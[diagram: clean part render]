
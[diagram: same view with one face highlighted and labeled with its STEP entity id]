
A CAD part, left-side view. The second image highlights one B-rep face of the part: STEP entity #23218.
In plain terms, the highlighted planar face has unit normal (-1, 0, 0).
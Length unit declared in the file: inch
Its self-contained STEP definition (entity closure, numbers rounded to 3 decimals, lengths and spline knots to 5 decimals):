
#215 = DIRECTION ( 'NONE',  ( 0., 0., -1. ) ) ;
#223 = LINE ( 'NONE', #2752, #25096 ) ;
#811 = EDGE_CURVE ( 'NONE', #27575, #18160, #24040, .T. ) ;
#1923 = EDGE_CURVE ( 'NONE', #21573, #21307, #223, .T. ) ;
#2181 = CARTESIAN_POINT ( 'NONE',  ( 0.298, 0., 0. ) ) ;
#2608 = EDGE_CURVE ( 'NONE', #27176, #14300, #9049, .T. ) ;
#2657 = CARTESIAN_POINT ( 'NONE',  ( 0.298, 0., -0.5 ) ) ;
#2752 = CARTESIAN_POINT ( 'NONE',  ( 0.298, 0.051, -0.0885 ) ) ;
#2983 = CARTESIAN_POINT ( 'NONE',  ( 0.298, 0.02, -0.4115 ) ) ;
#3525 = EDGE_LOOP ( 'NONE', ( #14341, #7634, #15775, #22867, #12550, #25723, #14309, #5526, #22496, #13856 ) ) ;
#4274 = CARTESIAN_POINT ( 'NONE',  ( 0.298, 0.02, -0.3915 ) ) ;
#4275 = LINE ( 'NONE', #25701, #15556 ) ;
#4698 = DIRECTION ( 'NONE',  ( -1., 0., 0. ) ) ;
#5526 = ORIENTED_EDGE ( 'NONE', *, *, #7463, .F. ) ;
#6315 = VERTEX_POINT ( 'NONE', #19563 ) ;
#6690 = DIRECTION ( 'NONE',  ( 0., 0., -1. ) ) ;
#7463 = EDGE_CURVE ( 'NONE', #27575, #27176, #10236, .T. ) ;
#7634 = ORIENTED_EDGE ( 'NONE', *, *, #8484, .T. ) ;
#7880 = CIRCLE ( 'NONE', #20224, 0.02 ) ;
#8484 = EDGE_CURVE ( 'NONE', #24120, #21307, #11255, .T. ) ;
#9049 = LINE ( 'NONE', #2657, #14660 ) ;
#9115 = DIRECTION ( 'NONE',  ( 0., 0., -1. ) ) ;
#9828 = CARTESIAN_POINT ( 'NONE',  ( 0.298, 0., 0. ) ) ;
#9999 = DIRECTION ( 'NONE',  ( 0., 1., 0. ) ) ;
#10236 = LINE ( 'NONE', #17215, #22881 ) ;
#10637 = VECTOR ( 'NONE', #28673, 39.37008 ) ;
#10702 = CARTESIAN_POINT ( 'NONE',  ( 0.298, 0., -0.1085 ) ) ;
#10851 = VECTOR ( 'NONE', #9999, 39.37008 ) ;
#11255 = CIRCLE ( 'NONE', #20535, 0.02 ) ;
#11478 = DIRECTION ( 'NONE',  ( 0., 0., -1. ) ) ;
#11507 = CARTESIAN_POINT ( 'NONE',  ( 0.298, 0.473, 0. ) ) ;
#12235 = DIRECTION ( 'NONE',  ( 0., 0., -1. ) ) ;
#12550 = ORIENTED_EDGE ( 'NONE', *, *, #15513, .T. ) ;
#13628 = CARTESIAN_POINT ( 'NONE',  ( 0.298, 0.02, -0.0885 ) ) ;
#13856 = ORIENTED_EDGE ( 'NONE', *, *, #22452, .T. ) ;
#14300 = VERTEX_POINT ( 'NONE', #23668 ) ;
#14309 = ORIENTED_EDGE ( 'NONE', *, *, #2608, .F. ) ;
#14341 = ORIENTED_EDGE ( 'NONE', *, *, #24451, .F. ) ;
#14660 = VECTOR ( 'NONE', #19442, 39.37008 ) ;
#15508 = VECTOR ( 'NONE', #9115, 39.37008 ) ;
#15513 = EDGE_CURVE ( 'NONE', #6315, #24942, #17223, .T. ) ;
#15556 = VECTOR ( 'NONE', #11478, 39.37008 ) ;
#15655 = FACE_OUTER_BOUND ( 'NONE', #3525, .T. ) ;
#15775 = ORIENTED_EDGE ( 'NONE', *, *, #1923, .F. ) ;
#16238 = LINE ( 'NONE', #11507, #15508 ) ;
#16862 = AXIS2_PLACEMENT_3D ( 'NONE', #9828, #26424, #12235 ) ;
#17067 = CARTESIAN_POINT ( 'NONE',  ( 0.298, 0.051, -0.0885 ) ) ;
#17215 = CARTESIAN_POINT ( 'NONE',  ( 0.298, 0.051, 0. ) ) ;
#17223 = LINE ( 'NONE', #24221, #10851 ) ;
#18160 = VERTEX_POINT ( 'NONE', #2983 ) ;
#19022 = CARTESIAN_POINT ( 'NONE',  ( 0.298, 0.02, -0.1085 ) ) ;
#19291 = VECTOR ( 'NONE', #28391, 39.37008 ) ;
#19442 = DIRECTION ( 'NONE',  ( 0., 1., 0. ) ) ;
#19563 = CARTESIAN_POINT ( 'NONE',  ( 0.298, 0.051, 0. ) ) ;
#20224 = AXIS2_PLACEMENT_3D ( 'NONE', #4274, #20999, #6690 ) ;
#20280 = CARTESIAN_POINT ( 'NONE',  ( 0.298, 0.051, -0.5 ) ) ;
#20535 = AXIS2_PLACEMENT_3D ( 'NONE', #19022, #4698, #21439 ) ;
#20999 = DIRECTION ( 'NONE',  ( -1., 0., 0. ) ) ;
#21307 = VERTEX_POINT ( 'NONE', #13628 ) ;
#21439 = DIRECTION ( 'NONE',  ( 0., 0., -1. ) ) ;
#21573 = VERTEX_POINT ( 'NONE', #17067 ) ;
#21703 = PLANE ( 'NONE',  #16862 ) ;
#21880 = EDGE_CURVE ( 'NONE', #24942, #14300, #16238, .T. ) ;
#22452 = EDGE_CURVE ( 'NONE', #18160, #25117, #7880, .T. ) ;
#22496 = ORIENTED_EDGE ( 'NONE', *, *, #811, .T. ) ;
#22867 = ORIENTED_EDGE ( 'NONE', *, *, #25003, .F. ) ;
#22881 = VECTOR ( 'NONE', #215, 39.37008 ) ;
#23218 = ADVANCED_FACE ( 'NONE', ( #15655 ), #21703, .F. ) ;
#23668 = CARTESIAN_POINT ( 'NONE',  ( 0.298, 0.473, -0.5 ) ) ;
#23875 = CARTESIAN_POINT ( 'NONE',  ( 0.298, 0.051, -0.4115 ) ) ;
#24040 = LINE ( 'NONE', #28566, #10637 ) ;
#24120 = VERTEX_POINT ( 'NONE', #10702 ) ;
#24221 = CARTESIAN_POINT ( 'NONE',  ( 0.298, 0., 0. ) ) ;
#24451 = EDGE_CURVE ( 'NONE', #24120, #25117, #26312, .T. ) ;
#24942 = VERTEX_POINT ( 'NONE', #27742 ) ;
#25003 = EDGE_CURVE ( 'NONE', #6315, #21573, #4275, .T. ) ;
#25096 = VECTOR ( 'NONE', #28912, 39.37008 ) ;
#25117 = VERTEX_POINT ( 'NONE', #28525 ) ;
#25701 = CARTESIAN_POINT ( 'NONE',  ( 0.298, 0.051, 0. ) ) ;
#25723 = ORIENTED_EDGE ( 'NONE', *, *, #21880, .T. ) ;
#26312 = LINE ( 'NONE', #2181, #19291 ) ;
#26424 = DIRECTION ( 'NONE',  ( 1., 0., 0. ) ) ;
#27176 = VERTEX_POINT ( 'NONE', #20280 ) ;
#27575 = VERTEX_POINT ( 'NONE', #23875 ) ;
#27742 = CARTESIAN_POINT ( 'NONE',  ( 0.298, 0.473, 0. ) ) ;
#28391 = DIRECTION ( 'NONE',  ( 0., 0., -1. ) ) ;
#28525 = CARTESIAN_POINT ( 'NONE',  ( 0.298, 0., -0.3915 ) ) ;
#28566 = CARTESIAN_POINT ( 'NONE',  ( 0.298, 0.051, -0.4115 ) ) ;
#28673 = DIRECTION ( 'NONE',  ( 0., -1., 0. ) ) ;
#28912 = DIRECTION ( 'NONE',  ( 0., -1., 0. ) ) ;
● ● ● ● ●
Assigned task:
In the listing above, find the line with "#25117 = VERTEX_POINT ( 'NONE', #28525 ) ;" and the line with "#26424 = DIRECTION", then print exactly those two lines and every line between them, and nothing more.

Answer below:
#25117 = VERTEX_POINT ( 'NONE', #28525 ) ;
#25701 = CARTESIAN_POINT ( 'NONE',  ( 0.298, 0.051, 0. ) ) ;
#25723 = ORIENTED_EDGE ( 'NONE', *, *, #21880, .T. ) ;
#26312 = LINE ( 'NONE', #2181, #19291 ) ;
#26424 = DIRECTION ( 'NONE',  ( 1., 0., 0. ) ) ;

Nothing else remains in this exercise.